■ Records for the exercise ■

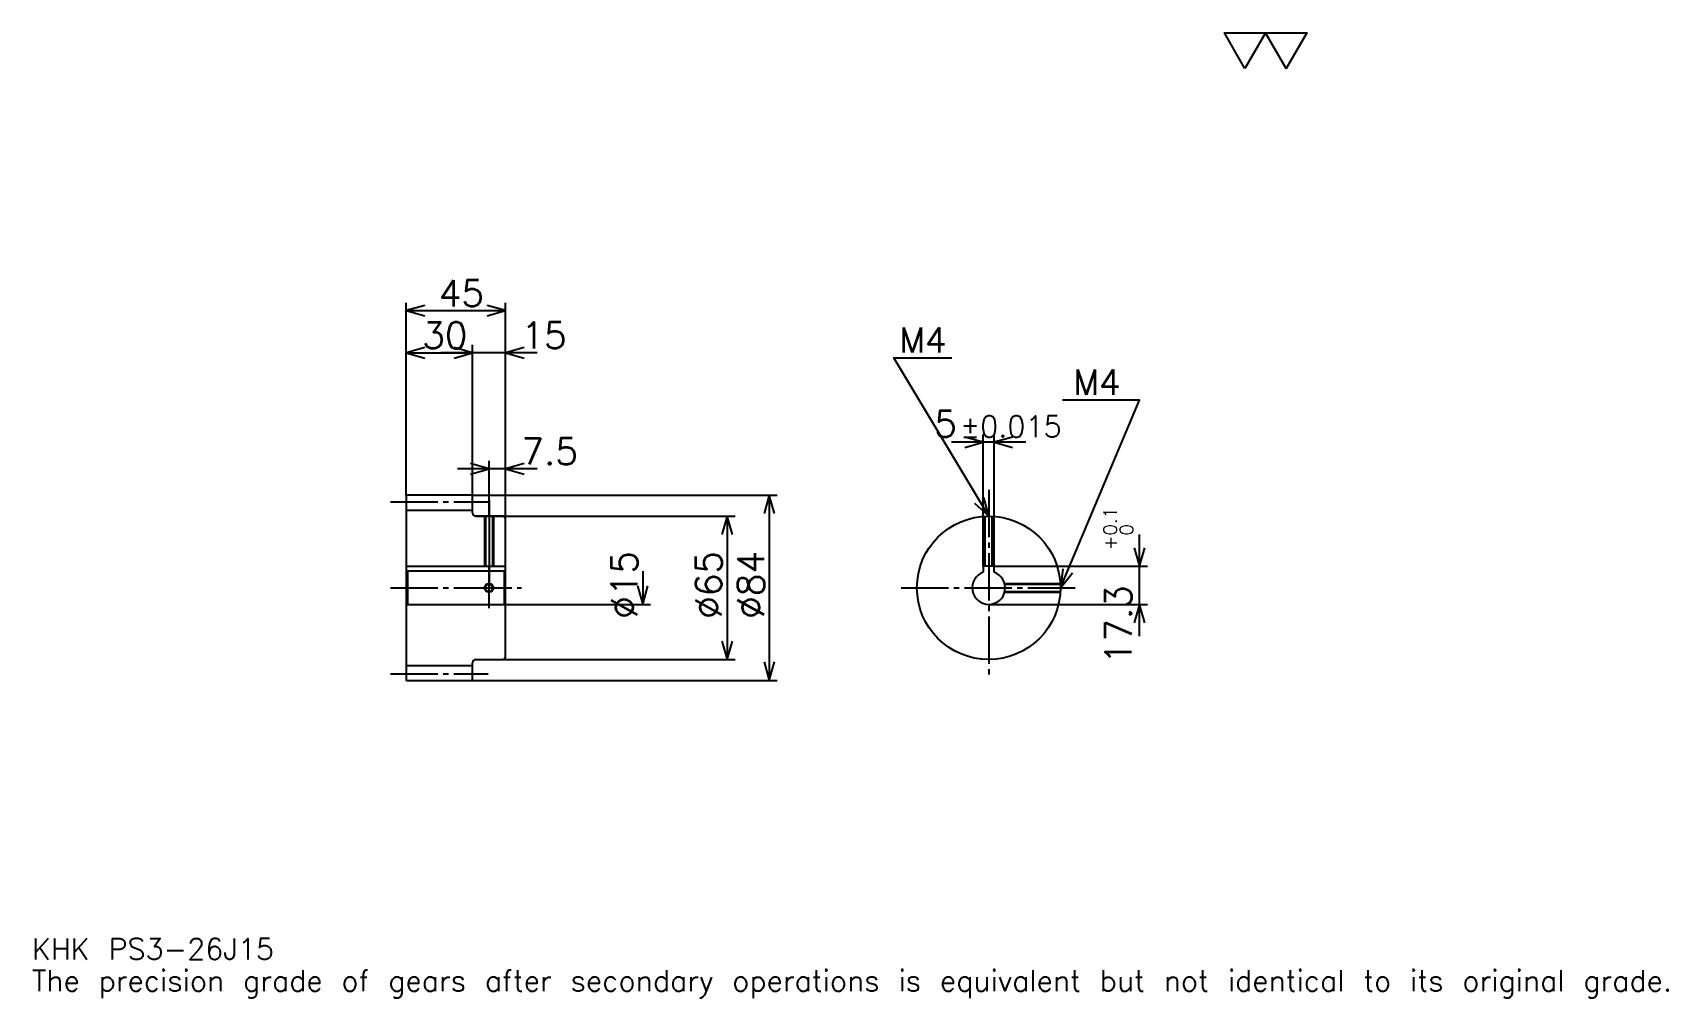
# Model space of a CAD drawing. Extents: x 24 to 766, y 9 to 447.
import ezdxf

# ---------------------------------------------------------------- set-up
doc = ezdxf.new("R2010")
doc.units = 0
doc.linetypes.add('DASHDOT', pattern=[28.695651, 21.521739, -2.391304, 2.391304, -2.391304])
doc.layers.get('0').update_dxf_attribs({"linetype": 'CONTINUOUS'})
doc.layers.add('DASHDOT', color=6, linetype='DASHDOT')
doc.styles.add('KANJI', font='TXT', dxfattribs={"bigfont": 'BIGFONT'})

msp = doc.modelspace()

# ---------------------------------------------------------------- linework, layer by layer
at = {"color": 5}
for p, q in [((193.695663, 236.891312), (193.695663, 324.17392)), ((193.695663, 320.586975), (238.695663, 320.586975)), ((238.695663, 236.891312), (238.695663, 324.17392)), ((223.695663, 236.891312), (223.695663, 305.043488)), ((193.695663, 301.456543), (223.695663, 301.456543)), ((253.043488, 301.456543), (209.347839, 301.456543)), ((474.565247, 260.869568), (440.869568, 260.869568)), ((455.217407, 204.691315), (455.217407, 264.456543)), ((460.217407, 204.691315), (460.217407, 264.456543)), ((231.195663, 236.891312), (231.195663, 252.434784)), ((253.043488, 248.847839), (216.847839, 248.847839)), ((193.695663, 236.791321), (193.695663, 236.891312)), ((223.595657, 236.891312), (238.695663, 236.891312)), ((223.695663, 236.791321), (223.695663, 236.891312)), ((231.195663, 227.391312), (231.195663, 236.891312)), ((231.195663, 227.391312), (231.195663, 236.891312)), ((238.695663, 236.891312), (361.847839, 236.891312)), ((238.695663, 226.391312), (238.695663, 236.891312)), ((358.260864, 236.891312), (358.260864, 152.891312)), ((225.195663, 227.391312), (238.695663, 227.391312)), ((238.695663, 227.391312), (342.717407, 227.391312)), ((339.130432, 227.391312), (339.130432, 162.391312)), ((526.086975, 173.043488), (526.086975, 219.039139)), ((300.869568, 202.391312), (300.869568, 187.391312)), ((460.217407, 204.691315), (529.673889, 204.691315)), ((238.695663, 187.391312), (304.456543, 187.391312)), ((457.717407, 187.391312), (529.673889, 187.391312)), ((225.195663, 162.391312), (238.695663, 162.391312)), ((238.695663, 162.391312), (342.717407, 162.391312)), ((223.595657, 152.891312), (238.695663, 152.891312)), ((238.695663, 152.891312), (361.847839, 152.891312))]:
    msp.add_line(p, q, dxfattribs=at)
at = {"color": 4}
for p, q in [((193.695663, 230.141312), (223.695663, 230.141312)), ((193.695663, 204.691315), (238.695663, 204.691315)), ((194.195663, 202.391312), (194.195663, 187.391312)), ((238.195663, 202.391312), (238.695663, 202.891312)), ((238.195663, 187.391312), (238.695663, 186.891312)), ((193.695663, 159.641312), (223.695663, 159.641312))]:
    msp.add_line(p, q, dxfattribs=at)
at = {"color": 7}
msp.add_lwpolyline([(573.913025, 430.434784), (564.586914, 446.600006), (601.891296, 446.600006), (592.565186, 430.434784), (583.239136, 446.600006), (573.913025, 430.434784)], dxfattribs=at)
at = {"color": 5}
for points in [[(202.065231, 322.978271), (193.695663, 320.586975), (202.065231, 318.195679)], [(230.326096, 318.195679), (238.695663, 320.586975), (230.326096, 322.978271)], [(202.065231, 303.847839), (193.695663, 301.456543), (202.065231, 299.065216)], [(215.326096, 299.065216), (223.695663, 301.456543), (215.326096, 303.847839)], [(215.326096, 299.065216), (223.695663, 301.456543), (215.326096, 303.847839)], [(247.065231, 303.847839), (238.695663, 301.456543), (247.065231, 299.065216)], [(457.717407, 227.391312), (414.67392, 299.130432), (440.978271, 299.130432)], [(490.217407, 194.891312), (526.086975, 280), (491.173889, 280)], [(446.847839, 258.478271), (455.217407, 260.869568), (446.847839, 263.260864)], [(468.586975, 263.260864), (460.217407, 260.869568), (468.586975, 258.478271)], [(222.826096, 246.456528), (231.195663, 248.847839), (222.826096, 251.239136)], [(247.065231, 251.239136), (238.695663, 248.847839), (247.065231, 246.456528)], [(360.652191, 228.521744), (358.260864, 236.891312), (355.869568, 228.521744)], [(451.360779, 233.33783), (457.717407, 227.391312), (455.461792, 235.798462)], [(341.521759, 219.021744), (339.130432, 227.391312), (336.739136, 219.021744)], [(523.695679, 213.060883), (526.086975, 204.691315), (528.478271, 213.060883)], [(491.264282, 203.532608), (490.217407, 194.891312), (495.671509, 201.675171)], [(298.478271, 195.76088), (300.869568, 187.391312), (303.260864, 195.76088)], [(528.478271, 179.021744), (526.086975, 187.391312), (523.695679, 179.021744)], [(336.739136, 170.76088), (339.130432, 162.391312), (341.521759, 170.76088)], [(355.869568, 161.26088), (358.260864, 152.891312), (360.652191, 161.26088)]]:
    msp.add_lwpolyline(points, dxfattribs=at)
at = {"color": 4}
for points in [[(223.695663, 228.891312), (223.695663, 236.791321), (223.595657, 236.891312), (193.79567, 236.891312), (193.695663, 236.791321), (193.695663, 186.891312)], [(225.195663, 162.391312), (237.695663, 162.391312), (238.695663, 163.391312), (238.695663, 226.391312), (237.695663, 227.391312), (225.195663, 227.391312)], [(229.195663, 227.391312), (229.195663, 204.691315)], [(229.575668, 227.391312), (229.575668, 204.691315)], [(232.815659, 227.391312), (232.815659, 204.691315)], [(233.195663, 227.391312), (233.195663, 204.691315)], [(455.717407, 204.691315), (455.717407, 227.329712)], [(456.097412, 204.691315), (456.097412, 227.350906)], [(459.337402, 204.691315), (459.337402, 227.350906)], [(459.717407, 204.691315), (459.717407, 227.329712)], [(193.695663, 186.891312), (194.195663, 187.391312), (238.195663, 187.391312), (238.195663, 202.391312), (194.195663, 202.391312), (193.695663, 202.891312)], [(460.217407, 201.962372), (460.217407, 204.691315), (455.217407, 204.691315), (455.217407, 201.962372)], [(464.945801, 196.891312), (490.155823, 196.891312)], [(464.945801, 192.891312), (490.155823, 192.891312)], [(465.040344, 196.511307), (490.177002, 196.511307)], [(465.040344, 193.271317), (490.177002, 193.271317)], [(193.695663, 186.891312), (193.695663, 152.991302), (193.79567, 152.891312), (223.595657, 152.891312), (223.695663, 152.991302), (223.695663, 160.891312)]]:
    msp.add_lwpolyline(points, dxfattribs=at)
for centre, radius in [((457.717407, 194.891312), 32.5), ((231.195663, 194.891312), 1.62)]:
    msp.add_circle(centre, radius, dxfattribs=at)
at = {"color": 7}
msp.add_circle((231.195663, 194.891312), 2, dxfattribs=at)
at = {"color": 4}
for centre, radius, start, end in [((225.195663, 228.891312), 1.5, 180, 270), ((457.717407, 194.891312), 7.5, 109.471220943, 70.528779057), ((225.195663, 160.891312), 1.5, 90, 180)]:
    msp.add_arc(centre, radius, start, end, dxfattribs=at)
at = {"layer": 'DASHDOT', "color": 7}
for p, q in [((457.717407, 239.347839), (457.717407, 155.217407)), ((186.521744, 233.891312), (230.869568, 233.891312)), ((231.195663, 227.391312), (231.195663, 194.891312)), ((186.521744, 194.891312), (245.869568, 194.891312)), ((418.043488, 194.891312), (497.391296, 194.891312)), ((186.521744, 155.891312), (230.869568, 155.891312))]:
    msp.add_line(p, q, dxfattribs=at)
for points in [[(231.195663, 234.565216), (231.195663, 197.517395)], [(231.195663, 185.717392), (231.195663, 204.065231)], [(222.021759, 194.891312), (240.369568, 194.891312)]]:
    msp.add_lwpolyline(points, dxfattribs=at)

# ---------------------------------------------------------------- texts
at = {"color": 7, "style": 'KANJI'}
for s, height, p in [('45', 11.956522, (208.42392, 322.5)), ('30', 11.956522, (200.92392, 303.369568)), ('15', 11.956522, (245.869568, 303.369568)), ('M4', 11.478261, (417.065247, 301.521729)), ('M4', 11.478261, (495.956543, 282.391296)), ('5', 11.956522, (433.036743, 263.260864)), ('%%p0.015', 9.565217, (444.872253, 263.260864)), ('7.5', 11.956522, (245.869568, 250.76088)), ('KHK PS3-26J15', 9.565217, (23.913044, 26.304348)), ('The precision grade of gears after secondary operations is equivalent but not identical to its original grade.', 9.565217, (23.913044, 11.956522))]:
    msp.add_text(s, height=height, dxfattribs=at).set_placement(p)
for s, height, p in [('0.1', 5.978261, (515.804321, 218.667191)), ('0', 5.978261, (523.217407, 218.667191)), ('+', 5.978261, (515.804321, 211.971542)), ('%%c15', 11.956522, (298.478271, 180.842392)), ('%%c65', 11.956522, (336.739136, 180.842407)), ('%%c84', 11.956522, (355.869568, 180.842407)), ('17.3', 11.956522, (522.5, 160.218979))]:
    msp.add_text(s, height=height, rotation=90, dxfattribs=at).set_placement(p)

doc.saveas('drawing.dxf')

■ Work request ■
What belongs in the answer is each line of the data that has the word "centre".

■ Answer ■
for centre, radius in [((457.717407, 194.891312), 32.5), ((231.195663, 194.891312), 1.62)]:
    msp.add_circle(centre, radius, dxfattribs=at)
for centre, radius, start, end in [((225.195663, 228.891312), 1.5, 180, 270), ((457.717407, 194.891312), 7.5, 109.471220943, 70.528779057), ((225.195663, 160.891312), 1.5, 90, 180)]:
    msp.add_arc(centre, radius, start, end, dxfattribs=at)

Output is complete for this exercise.